Work instruction:
Print the lines that run from the line with "alpha trimmed/1 -> Sum/2" to the line with "Gain/1 -> Sum7/2", keeping both end lines, exactly as they appear in the entries below, and nothing else.

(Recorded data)
━━━━━━━━━━━━━━━━━━━━━━━━━━━━━━

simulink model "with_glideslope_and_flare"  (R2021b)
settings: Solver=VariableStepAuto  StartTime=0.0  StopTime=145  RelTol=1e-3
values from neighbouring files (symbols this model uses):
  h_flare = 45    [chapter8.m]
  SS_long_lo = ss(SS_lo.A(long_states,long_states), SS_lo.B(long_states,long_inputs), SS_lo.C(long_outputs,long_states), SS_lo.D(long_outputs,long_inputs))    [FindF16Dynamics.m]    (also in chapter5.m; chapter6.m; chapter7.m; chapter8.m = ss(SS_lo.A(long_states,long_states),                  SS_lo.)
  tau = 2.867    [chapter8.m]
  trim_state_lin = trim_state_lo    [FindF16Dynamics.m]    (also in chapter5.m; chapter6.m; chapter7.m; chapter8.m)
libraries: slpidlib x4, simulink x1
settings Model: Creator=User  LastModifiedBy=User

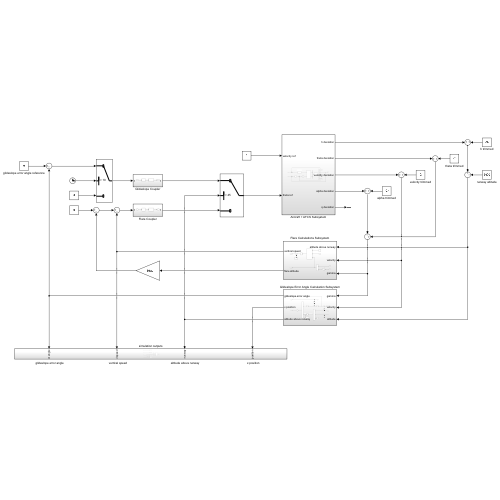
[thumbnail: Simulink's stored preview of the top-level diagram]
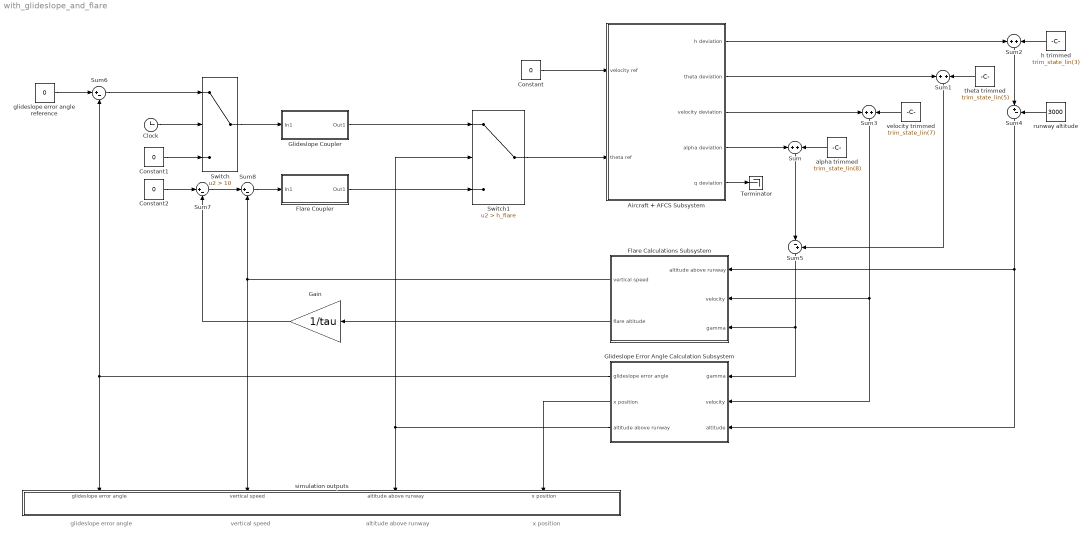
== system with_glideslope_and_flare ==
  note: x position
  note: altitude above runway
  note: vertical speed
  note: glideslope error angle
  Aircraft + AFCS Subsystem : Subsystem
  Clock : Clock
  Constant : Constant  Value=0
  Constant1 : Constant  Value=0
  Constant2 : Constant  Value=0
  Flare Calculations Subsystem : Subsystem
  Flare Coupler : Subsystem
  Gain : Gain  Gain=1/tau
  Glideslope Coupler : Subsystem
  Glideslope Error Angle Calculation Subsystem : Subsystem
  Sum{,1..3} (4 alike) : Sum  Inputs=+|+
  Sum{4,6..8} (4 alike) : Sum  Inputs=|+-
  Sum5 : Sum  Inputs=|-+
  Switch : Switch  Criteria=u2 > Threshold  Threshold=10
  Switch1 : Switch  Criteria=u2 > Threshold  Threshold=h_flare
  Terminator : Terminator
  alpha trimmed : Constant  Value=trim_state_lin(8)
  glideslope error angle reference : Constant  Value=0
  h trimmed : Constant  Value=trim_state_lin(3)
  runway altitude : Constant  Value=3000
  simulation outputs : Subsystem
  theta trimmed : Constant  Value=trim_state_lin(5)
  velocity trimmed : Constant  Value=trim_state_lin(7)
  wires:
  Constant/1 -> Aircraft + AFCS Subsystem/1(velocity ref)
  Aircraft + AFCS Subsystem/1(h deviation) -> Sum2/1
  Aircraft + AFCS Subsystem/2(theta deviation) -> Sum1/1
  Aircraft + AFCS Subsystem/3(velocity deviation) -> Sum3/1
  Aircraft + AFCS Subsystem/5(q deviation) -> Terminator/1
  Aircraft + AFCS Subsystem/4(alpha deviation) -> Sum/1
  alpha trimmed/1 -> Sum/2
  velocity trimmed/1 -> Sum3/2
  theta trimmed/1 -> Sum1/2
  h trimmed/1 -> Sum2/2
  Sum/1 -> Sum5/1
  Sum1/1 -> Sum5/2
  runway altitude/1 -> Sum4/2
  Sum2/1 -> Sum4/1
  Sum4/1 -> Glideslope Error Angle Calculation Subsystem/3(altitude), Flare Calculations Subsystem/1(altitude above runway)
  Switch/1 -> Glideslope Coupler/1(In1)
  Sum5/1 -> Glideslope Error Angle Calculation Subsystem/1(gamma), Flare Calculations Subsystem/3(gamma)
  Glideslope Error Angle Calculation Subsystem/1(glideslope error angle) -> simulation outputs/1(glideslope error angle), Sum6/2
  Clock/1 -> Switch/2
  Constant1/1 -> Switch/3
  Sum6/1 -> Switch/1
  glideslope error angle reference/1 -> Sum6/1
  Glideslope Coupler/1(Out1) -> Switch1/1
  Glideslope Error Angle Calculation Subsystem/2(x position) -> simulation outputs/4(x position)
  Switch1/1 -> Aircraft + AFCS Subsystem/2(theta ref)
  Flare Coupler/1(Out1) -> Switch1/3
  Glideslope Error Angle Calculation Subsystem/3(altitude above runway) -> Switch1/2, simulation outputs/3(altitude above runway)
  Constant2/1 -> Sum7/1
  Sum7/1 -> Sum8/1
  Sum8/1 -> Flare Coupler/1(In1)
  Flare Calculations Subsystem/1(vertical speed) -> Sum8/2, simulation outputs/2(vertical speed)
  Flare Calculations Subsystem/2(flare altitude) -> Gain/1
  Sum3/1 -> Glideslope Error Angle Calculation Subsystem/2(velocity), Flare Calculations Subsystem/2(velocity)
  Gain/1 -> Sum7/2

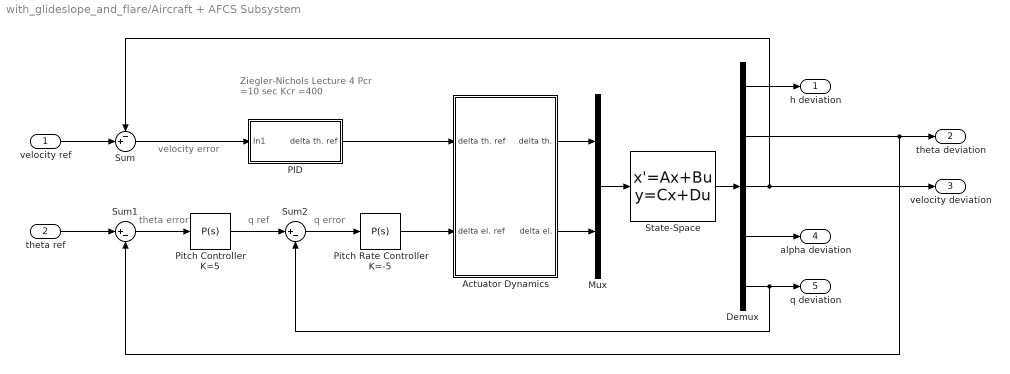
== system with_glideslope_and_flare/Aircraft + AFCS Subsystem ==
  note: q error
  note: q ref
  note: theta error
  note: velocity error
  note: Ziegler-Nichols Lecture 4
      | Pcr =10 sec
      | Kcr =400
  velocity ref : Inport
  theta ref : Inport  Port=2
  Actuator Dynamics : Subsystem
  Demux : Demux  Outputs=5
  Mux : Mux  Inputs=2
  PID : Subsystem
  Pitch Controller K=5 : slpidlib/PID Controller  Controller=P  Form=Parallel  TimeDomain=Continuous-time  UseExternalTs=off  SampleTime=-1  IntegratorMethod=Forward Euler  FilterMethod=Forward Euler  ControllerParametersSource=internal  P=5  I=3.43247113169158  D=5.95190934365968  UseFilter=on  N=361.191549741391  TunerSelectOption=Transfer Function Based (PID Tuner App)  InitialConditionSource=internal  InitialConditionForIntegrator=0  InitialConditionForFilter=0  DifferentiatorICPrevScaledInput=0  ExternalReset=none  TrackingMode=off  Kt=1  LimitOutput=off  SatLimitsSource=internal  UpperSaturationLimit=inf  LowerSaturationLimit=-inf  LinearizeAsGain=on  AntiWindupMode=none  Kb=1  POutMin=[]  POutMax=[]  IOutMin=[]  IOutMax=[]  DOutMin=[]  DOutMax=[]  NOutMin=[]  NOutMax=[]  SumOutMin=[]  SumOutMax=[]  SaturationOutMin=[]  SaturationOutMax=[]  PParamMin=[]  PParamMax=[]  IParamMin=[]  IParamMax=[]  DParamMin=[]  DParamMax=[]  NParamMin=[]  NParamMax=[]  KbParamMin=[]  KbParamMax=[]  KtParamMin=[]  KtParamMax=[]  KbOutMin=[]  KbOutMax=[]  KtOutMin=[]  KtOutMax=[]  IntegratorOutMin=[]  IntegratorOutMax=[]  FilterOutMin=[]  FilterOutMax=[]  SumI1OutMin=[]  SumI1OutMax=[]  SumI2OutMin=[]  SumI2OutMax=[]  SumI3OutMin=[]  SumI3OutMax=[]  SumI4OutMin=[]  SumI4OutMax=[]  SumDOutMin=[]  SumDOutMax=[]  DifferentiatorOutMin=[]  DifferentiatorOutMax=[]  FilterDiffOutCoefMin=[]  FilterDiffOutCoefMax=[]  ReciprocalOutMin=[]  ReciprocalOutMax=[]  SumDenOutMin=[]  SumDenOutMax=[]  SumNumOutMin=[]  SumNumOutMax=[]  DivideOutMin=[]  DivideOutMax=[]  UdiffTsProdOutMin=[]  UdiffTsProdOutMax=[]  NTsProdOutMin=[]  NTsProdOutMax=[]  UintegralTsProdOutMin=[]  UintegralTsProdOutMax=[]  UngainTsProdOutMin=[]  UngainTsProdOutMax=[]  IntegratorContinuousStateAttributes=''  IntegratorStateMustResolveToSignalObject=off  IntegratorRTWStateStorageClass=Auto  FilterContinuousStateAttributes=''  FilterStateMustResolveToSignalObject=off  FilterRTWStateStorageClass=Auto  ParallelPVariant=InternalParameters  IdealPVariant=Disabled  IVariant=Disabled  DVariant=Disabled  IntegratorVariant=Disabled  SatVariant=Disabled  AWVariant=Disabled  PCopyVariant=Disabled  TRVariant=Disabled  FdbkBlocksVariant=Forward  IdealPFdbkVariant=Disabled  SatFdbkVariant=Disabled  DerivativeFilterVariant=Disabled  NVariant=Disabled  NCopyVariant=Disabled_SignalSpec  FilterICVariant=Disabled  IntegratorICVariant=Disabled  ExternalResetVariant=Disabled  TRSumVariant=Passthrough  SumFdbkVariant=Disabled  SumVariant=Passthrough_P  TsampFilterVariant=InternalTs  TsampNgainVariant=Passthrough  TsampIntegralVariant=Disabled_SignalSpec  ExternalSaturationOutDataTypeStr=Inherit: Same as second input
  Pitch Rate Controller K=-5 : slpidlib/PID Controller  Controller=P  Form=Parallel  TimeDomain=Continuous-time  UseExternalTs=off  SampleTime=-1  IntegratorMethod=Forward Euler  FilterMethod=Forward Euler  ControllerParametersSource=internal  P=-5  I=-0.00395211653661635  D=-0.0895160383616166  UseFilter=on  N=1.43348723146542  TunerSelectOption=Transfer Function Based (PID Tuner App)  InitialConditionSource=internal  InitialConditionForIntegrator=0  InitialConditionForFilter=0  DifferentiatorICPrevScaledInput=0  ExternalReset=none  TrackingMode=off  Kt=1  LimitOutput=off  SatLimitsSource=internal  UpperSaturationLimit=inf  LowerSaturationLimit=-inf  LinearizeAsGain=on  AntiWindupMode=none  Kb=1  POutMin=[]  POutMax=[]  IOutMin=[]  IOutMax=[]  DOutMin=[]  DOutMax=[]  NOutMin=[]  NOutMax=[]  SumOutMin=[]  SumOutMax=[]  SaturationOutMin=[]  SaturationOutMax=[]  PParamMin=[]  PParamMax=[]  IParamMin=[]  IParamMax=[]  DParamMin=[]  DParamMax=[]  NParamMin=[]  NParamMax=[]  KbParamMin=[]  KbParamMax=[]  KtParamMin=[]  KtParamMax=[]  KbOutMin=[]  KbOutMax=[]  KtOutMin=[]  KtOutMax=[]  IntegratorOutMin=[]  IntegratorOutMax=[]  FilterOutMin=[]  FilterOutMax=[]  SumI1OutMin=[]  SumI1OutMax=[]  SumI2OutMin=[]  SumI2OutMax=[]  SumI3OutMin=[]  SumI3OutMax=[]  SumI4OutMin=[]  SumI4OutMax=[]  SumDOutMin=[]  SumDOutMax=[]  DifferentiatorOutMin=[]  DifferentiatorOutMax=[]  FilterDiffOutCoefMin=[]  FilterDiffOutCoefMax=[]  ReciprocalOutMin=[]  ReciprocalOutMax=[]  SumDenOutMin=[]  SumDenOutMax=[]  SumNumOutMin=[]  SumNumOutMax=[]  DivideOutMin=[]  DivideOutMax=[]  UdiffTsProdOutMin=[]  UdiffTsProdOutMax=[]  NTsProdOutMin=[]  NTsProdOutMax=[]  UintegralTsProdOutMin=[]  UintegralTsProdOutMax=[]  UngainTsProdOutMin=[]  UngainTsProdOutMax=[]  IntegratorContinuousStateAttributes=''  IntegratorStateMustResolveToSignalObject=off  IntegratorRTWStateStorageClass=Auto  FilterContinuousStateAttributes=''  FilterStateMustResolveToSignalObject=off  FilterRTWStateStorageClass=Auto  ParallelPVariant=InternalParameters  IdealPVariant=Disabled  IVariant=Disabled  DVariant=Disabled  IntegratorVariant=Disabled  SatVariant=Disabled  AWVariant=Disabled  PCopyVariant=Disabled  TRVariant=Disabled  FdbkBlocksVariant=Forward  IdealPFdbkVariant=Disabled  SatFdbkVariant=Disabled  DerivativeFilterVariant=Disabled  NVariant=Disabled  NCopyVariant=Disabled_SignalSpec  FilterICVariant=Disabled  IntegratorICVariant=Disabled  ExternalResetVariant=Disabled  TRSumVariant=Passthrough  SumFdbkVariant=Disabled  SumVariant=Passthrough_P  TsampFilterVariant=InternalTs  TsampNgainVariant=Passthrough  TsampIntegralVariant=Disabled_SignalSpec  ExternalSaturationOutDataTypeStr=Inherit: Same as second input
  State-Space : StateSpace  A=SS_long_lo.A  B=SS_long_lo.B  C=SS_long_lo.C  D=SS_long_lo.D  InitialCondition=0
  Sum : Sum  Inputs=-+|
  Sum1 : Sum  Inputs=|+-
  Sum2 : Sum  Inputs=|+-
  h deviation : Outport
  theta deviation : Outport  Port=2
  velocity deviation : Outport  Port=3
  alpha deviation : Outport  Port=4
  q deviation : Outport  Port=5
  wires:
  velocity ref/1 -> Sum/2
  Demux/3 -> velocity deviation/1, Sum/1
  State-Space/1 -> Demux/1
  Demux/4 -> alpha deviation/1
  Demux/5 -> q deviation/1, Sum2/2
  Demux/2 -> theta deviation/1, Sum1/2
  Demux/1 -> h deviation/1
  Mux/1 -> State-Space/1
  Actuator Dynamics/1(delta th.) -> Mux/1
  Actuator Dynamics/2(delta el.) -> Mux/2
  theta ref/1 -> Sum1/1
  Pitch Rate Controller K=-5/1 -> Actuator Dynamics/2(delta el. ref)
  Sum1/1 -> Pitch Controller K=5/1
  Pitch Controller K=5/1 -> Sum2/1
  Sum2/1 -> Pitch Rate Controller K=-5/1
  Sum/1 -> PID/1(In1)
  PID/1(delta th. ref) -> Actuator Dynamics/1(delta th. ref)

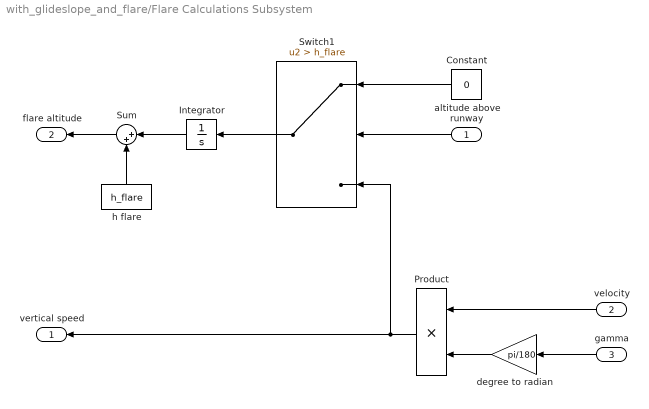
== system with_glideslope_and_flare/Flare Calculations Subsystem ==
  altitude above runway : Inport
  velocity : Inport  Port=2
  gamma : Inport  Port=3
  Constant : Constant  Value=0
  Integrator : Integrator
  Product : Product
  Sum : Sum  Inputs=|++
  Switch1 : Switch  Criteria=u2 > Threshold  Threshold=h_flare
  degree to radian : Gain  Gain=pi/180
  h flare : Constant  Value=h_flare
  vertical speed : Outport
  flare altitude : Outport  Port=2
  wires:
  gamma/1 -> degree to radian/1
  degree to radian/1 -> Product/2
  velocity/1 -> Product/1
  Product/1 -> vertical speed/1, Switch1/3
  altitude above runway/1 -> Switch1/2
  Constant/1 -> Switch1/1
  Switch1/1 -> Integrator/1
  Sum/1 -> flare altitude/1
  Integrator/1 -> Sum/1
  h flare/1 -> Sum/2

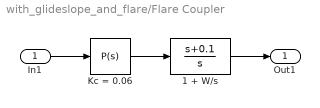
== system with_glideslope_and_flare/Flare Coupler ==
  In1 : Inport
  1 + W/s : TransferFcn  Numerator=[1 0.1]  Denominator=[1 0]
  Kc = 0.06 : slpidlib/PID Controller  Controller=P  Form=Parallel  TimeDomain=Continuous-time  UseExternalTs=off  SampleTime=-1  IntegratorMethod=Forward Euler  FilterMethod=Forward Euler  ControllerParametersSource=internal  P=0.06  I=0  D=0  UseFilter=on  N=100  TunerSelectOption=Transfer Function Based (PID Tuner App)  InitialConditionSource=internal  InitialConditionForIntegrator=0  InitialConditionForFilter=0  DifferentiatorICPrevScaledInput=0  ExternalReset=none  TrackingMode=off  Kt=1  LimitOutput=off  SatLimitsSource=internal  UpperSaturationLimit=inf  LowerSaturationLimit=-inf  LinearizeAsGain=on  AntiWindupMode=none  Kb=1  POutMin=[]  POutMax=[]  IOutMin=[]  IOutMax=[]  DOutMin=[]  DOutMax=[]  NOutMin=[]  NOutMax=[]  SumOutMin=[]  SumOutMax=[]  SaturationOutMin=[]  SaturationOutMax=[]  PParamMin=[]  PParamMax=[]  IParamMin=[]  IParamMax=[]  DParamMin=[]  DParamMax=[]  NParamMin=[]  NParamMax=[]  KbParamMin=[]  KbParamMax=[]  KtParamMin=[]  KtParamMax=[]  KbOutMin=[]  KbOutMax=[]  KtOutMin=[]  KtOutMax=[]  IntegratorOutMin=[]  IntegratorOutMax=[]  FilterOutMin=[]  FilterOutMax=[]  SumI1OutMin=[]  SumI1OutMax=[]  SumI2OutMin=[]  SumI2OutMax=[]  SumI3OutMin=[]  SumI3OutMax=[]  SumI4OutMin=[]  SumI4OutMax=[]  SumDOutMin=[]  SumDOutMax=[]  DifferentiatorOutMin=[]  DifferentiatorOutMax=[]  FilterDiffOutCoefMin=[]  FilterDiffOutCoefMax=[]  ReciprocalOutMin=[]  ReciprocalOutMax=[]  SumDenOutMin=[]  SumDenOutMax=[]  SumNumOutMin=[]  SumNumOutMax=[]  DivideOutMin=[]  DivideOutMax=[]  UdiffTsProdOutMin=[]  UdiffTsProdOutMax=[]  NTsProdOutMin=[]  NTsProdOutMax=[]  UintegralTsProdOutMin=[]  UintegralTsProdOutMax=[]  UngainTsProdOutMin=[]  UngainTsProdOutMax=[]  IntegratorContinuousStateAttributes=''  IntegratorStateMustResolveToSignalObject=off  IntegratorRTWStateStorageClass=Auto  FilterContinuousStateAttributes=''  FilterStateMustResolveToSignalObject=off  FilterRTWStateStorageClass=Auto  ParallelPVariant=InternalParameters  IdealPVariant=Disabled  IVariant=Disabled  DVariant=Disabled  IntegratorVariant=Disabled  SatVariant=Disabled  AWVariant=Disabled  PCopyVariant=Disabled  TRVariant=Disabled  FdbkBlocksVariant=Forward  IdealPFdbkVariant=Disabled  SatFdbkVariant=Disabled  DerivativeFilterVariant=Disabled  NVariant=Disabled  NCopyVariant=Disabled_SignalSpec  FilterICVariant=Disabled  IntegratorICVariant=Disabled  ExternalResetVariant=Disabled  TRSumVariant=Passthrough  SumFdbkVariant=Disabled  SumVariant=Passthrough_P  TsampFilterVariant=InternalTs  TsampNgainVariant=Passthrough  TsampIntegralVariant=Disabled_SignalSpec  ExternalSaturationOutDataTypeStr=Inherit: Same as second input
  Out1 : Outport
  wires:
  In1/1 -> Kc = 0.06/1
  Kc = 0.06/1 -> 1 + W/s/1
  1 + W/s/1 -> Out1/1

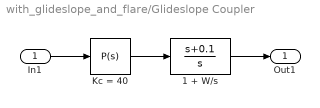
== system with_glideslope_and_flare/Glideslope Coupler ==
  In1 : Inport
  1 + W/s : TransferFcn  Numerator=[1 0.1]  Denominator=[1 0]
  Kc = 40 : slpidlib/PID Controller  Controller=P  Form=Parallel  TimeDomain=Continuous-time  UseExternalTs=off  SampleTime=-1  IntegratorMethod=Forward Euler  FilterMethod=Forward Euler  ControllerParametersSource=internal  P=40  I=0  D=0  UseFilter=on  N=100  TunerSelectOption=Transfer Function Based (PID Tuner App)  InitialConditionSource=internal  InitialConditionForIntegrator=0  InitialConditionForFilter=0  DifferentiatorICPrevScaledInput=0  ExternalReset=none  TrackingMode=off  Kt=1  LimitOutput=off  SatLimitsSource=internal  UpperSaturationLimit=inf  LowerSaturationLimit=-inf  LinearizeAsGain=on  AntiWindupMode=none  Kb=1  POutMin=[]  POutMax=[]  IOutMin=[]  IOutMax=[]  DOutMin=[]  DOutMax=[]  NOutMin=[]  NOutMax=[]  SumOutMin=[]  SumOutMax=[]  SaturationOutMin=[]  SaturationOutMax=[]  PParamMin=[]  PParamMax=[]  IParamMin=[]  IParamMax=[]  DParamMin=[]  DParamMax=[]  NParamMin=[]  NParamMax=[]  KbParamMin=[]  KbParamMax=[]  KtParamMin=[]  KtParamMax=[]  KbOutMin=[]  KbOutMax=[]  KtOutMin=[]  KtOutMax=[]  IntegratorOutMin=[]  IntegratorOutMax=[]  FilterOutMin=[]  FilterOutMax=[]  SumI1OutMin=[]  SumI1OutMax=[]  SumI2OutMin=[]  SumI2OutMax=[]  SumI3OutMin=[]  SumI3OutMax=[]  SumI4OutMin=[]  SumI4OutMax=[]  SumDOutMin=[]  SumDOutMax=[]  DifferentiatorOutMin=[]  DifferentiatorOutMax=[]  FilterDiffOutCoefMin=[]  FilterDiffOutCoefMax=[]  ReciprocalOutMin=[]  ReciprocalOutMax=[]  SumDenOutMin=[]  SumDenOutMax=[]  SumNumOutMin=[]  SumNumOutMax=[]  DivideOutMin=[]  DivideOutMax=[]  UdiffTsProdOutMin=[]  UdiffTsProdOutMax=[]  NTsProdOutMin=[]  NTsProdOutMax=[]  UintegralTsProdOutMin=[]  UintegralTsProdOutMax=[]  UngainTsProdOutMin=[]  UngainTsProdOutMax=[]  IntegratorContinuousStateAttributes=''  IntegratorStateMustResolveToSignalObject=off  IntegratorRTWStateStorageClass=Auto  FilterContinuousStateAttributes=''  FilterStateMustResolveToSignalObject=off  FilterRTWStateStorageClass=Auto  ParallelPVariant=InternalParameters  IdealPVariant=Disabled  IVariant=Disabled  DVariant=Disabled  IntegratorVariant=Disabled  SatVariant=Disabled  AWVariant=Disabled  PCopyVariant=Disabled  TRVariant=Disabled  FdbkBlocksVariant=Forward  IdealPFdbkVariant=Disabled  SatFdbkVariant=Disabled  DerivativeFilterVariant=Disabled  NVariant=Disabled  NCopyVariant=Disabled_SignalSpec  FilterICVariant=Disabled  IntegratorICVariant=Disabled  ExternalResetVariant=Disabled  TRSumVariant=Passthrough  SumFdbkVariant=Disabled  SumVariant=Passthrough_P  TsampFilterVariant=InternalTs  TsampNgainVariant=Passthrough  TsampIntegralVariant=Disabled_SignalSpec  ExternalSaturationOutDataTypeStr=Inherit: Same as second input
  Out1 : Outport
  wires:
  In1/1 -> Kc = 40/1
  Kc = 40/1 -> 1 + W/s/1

━━━━━━━━━━━━━━━━━━━━━━━━━━━━━━

Exercise output:
  alpha trimmed/1 -> Sum/2
  velocity trimmed/1 -> Sum3/2
  theta trimmed/1 -> Sum1/2
  h trimmed/1 -> Sum2/2
  Sum/1 -> Sum5/1
  Sum1/1 -> Sum5/2
  runway altitude/1 -> Sum4/2
  Sum2/1 -> Sum4/1
  Sum4/1 -> Glideslope Error Angle Calculation Subsystem/3(altitude), Flare Calculations Subsystem/1(altitude above runway)
  Switch/1 -> Glideslope Coupler/1(In1)
  Sum5/1 -> Glideslope Error Angle Calculation Subsystem/1(gamma), Flare Calculations Subsystem/3(gamma)
  Glideslope Error Angle Calculation Subsystem/1(glideslope error angle) -> simulation outputs/1(glideslope error angle), Sum6/2
  Clock/1 -> Switch/2
  Constant1/1 -> Switch/3
  Sum6/1 -> Switch/1
  glideslope error angle reference/1 -> Sum6/1
  Glideslope Coupler/1(Out1) -> Switch1/1
  Glideslope Error Angle Calculation Subsystem/2(x position) -> simulation outputs/4(x position)
  Switch1/1 -> Aircraft + AFCS Subsystem/2(theta ref)
  Flare Coupler/1(Out1) -> Switch1/3
  Glideslope Error Angle Calculation Subsystem/3(altitude above runway) -> Switch1/2, simulation outputs/3(altitude above runway)
  Constant2/1 -> Sum7/1
  Sum7/1 -> Sum8/1
  Sum8/1 -> Flare Coupler/1(In1)
  Flare Calculations Subsystem/1(vertical speed) -> Sum8/2, simulation outputs/2(vertical speed)
  Flare Calculations Subsystem/2(flare altitude) -> Gain/1
  Sum3/1 -> Glideslope Error Angle Calculation Subsystem/2(velocity), Flare Calculations Subsystem/2(velocity)
  Gain/1 -> Sum7/2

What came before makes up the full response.